===== TASK INPUTS

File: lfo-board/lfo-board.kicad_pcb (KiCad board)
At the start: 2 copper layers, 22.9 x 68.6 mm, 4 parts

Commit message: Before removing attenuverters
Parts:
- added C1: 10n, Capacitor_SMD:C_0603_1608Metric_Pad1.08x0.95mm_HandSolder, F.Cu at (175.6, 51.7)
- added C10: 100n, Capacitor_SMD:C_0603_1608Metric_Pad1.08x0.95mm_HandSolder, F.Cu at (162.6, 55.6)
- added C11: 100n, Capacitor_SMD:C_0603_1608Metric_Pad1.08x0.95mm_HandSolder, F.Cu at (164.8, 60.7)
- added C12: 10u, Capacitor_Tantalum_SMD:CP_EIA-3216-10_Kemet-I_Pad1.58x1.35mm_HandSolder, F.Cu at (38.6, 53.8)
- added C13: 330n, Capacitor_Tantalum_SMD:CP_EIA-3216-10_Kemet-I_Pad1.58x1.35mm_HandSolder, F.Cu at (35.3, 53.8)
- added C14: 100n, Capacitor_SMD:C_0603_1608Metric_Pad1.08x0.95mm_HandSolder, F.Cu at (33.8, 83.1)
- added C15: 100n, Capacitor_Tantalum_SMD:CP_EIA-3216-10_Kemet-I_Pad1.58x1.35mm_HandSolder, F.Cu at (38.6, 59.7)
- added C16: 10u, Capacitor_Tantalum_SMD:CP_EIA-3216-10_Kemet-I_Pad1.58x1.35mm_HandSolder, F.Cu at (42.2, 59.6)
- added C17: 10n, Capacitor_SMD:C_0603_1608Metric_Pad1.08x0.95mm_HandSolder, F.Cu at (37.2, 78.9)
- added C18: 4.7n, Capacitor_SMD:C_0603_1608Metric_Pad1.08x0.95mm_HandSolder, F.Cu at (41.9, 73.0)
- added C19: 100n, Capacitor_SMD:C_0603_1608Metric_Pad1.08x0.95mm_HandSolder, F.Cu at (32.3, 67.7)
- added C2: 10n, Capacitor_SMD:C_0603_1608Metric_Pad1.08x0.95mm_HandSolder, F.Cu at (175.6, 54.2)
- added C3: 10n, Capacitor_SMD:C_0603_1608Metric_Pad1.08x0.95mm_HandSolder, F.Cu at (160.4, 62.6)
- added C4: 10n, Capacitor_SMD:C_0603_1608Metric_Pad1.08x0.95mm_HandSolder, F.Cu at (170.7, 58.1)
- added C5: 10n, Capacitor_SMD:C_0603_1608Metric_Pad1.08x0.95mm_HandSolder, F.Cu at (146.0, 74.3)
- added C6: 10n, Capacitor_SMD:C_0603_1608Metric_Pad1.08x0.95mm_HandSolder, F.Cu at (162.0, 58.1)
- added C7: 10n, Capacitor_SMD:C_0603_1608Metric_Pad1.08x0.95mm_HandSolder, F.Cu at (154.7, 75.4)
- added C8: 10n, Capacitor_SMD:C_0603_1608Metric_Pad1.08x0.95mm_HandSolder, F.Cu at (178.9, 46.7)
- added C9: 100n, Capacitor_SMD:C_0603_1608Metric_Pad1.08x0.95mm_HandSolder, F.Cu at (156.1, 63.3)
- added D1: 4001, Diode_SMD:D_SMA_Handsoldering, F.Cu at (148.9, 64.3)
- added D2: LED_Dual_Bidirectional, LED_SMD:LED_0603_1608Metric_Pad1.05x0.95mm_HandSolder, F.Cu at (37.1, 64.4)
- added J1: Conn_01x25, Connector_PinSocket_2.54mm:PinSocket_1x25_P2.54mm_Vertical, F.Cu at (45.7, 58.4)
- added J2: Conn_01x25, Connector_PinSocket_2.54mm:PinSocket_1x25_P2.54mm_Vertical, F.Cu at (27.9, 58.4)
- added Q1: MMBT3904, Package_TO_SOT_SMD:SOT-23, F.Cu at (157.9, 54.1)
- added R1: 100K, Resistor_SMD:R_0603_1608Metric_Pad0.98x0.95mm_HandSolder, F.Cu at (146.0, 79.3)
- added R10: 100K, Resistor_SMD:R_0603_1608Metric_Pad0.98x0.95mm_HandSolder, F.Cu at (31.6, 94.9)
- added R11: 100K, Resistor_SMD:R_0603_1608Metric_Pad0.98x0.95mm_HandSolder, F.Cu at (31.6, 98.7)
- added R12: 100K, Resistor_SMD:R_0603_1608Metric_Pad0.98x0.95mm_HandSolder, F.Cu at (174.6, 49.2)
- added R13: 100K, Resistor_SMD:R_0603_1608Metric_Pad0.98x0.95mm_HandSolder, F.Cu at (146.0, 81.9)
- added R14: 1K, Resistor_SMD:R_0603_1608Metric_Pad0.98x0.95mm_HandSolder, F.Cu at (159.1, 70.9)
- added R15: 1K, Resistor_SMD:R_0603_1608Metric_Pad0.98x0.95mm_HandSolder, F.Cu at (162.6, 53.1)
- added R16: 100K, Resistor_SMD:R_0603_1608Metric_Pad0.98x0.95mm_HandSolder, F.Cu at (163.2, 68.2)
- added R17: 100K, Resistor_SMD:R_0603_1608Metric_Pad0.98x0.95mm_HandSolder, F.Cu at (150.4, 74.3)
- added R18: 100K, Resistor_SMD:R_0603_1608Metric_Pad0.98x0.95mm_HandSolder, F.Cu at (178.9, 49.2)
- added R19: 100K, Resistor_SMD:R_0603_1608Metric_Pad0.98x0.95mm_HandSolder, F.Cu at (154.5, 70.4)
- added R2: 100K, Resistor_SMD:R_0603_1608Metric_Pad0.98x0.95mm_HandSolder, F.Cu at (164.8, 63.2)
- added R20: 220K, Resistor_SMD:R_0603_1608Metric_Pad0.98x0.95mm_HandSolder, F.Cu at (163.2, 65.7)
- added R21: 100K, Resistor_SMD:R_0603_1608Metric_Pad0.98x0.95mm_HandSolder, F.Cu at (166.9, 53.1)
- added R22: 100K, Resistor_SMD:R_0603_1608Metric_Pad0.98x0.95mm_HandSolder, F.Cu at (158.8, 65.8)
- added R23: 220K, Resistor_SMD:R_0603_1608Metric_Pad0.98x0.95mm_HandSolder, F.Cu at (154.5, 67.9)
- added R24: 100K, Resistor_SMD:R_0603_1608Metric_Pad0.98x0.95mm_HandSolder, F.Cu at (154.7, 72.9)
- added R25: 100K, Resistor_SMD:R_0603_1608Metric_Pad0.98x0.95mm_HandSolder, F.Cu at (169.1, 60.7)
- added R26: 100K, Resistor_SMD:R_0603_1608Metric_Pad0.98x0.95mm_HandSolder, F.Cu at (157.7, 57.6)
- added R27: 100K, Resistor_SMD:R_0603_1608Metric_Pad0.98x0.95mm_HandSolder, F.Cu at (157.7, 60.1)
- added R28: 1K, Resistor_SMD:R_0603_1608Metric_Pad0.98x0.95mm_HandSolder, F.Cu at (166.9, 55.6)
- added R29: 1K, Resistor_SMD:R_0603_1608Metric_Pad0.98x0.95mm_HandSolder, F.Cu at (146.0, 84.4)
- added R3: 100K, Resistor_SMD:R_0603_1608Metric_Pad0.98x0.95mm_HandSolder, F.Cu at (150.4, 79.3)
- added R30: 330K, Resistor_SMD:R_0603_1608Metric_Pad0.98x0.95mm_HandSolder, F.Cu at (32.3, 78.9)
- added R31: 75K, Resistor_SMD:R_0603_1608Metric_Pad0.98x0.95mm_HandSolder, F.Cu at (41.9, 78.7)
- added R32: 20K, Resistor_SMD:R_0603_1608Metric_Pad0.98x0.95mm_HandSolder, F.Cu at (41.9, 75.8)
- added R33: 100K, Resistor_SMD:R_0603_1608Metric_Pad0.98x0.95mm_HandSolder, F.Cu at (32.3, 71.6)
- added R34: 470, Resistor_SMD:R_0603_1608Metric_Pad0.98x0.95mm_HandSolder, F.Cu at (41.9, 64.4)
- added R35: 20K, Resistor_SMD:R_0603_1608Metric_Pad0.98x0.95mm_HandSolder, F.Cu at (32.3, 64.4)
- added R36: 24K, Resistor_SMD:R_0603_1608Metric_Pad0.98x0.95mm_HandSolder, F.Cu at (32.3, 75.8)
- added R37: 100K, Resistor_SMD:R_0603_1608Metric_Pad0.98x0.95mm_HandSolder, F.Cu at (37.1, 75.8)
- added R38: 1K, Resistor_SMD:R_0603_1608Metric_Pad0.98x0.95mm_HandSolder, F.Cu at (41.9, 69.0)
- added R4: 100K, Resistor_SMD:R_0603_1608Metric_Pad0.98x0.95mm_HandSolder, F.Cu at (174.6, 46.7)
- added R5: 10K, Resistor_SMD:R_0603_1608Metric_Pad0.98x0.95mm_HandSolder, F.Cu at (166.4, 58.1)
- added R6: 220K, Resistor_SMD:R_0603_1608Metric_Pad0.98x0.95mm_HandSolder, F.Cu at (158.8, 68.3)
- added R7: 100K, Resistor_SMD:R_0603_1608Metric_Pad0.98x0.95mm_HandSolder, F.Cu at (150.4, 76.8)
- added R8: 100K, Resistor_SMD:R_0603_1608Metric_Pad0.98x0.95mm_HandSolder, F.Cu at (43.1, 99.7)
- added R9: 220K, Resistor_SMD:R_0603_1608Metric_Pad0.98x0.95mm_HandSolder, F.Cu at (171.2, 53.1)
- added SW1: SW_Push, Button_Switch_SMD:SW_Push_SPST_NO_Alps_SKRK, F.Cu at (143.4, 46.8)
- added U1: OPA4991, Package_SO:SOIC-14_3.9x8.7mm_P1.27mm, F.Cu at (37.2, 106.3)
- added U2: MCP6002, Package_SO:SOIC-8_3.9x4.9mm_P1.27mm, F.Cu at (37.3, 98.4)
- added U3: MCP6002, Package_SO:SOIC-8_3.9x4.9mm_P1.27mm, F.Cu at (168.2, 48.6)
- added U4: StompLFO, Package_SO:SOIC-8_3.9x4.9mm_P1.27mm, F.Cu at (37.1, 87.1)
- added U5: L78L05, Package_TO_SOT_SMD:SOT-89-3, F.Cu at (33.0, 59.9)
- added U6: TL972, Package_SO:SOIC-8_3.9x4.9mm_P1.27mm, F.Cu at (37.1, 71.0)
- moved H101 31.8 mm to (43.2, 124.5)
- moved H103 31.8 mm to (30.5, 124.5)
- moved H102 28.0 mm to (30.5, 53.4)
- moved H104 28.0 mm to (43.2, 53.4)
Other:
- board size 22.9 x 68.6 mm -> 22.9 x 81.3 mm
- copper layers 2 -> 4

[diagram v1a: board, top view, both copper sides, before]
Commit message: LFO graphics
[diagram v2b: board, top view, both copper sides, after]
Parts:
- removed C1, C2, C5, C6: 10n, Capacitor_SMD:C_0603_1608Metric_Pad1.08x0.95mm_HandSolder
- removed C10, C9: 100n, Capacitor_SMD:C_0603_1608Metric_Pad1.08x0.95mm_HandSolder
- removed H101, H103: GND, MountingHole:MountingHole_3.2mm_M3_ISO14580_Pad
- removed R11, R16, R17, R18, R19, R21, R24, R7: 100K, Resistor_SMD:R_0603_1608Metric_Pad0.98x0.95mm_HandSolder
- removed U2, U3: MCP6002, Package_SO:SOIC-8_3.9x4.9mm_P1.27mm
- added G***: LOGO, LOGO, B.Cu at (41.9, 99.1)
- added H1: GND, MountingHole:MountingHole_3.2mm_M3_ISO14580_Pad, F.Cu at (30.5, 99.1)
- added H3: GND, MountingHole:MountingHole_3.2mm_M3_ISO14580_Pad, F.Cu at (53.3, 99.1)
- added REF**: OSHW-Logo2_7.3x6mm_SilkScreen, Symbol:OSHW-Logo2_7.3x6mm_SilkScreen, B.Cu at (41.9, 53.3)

==========

## [WHAT THE EXERCISE ASKS]
Give every line of the material that includes the string "SOIC".

## [WRITTEN ANSWER]
- added U1: OPA4991, Package_SO:SOIC-14_3.9x8.7mm_P1.27mm, F.Cu at (37.2, 106.3)
- added U2: MCP6002, Package_SO:SOIC-8_3.9x4.9mm_P1.27mm, F.Cu at (37.3, 98.4)
- added U3: MCP6002, Package_SO:SOIC-8_3.9x4.9mm_P1.27mm, F.Cu at (168.2, 48.6)
- added U4: StompLFO, Package_SO:SOIC-8_3.9x4.9mm_P1.27mm, F.Cu at (37.1, 87.1)
- added U6: TL972, Package_SO:SOIC-8_3.9x4.9mm_P1.27mm, F.Cu at (37.1, 71.0)
- removed U2, U3: MCP6002, Package_SO:SOIC-8_3.9x4.9mm_P1.27mm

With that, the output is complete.